### What you need to do
Tally the lines in the following entries that include the word "amount"; state only the total.

Records from a data source

————————

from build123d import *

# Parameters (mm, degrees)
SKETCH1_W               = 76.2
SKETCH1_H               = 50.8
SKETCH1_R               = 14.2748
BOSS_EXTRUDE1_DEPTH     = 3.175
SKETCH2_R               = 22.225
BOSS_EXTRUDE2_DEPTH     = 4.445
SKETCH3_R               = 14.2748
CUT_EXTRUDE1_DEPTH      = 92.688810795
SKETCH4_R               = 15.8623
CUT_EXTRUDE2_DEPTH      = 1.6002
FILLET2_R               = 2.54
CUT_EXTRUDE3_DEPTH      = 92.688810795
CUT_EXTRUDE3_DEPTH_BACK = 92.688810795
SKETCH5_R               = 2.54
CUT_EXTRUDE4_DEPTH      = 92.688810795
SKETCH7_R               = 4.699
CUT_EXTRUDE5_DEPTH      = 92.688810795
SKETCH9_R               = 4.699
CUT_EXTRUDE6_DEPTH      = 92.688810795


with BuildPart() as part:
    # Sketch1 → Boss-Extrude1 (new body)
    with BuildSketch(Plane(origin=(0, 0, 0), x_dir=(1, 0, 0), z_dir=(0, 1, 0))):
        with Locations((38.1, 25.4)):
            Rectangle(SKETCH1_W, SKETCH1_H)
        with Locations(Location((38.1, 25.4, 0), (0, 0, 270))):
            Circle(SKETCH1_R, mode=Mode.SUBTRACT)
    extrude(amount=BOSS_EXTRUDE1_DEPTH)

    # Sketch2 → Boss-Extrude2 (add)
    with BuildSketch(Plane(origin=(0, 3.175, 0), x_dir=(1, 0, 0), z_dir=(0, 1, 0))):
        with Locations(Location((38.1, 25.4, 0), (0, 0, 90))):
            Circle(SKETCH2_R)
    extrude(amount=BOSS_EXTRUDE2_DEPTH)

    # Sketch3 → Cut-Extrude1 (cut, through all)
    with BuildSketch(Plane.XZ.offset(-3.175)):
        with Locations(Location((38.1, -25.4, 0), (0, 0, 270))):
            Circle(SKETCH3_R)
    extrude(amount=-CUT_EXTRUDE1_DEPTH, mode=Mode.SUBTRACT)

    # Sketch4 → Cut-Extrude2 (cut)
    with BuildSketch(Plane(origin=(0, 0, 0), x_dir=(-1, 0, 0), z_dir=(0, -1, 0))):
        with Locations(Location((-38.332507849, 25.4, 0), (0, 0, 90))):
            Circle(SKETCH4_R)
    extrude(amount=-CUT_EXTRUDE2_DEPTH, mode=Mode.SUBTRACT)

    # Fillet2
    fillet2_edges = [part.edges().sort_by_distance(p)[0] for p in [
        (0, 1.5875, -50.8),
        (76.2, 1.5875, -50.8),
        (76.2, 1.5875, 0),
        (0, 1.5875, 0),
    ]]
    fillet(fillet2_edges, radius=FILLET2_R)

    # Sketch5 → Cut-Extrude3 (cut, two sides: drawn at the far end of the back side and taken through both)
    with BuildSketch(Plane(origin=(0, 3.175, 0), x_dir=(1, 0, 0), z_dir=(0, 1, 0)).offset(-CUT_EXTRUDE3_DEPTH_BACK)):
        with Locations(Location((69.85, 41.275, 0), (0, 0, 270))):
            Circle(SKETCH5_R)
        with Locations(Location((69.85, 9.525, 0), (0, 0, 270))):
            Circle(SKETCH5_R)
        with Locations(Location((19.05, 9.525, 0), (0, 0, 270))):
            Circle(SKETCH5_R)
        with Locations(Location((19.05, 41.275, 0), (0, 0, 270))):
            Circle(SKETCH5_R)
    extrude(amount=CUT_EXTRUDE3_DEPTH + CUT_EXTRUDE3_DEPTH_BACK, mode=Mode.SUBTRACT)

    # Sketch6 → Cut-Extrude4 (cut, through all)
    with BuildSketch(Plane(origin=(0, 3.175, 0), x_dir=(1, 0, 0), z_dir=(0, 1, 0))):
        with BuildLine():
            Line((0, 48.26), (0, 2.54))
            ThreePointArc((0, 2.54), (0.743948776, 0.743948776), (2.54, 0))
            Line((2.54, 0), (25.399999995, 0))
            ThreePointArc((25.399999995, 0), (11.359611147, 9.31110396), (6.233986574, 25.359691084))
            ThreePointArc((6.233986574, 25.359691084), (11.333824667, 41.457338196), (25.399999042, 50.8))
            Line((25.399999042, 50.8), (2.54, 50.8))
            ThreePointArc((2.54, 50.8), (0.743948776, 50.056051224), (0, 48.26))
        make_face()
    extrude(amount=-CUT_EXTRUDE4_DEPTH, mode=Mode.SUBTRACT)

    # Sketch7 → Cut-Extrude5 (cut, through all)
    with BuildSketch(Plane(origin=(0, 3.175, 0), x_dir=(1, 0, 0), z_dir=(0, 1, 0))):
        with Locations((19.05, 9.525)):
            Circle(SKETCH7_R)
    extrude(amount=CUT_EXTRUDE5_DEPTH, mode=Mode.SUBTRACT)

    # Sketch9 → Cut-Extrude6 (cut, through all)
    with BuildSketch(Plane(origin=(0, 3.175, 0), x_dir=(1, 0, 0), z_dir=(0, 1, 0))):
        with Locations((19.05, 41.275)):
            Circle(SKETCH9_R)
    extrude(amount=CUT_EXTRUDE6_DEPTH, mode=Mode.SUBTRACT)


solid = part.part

————————

### Written answer
8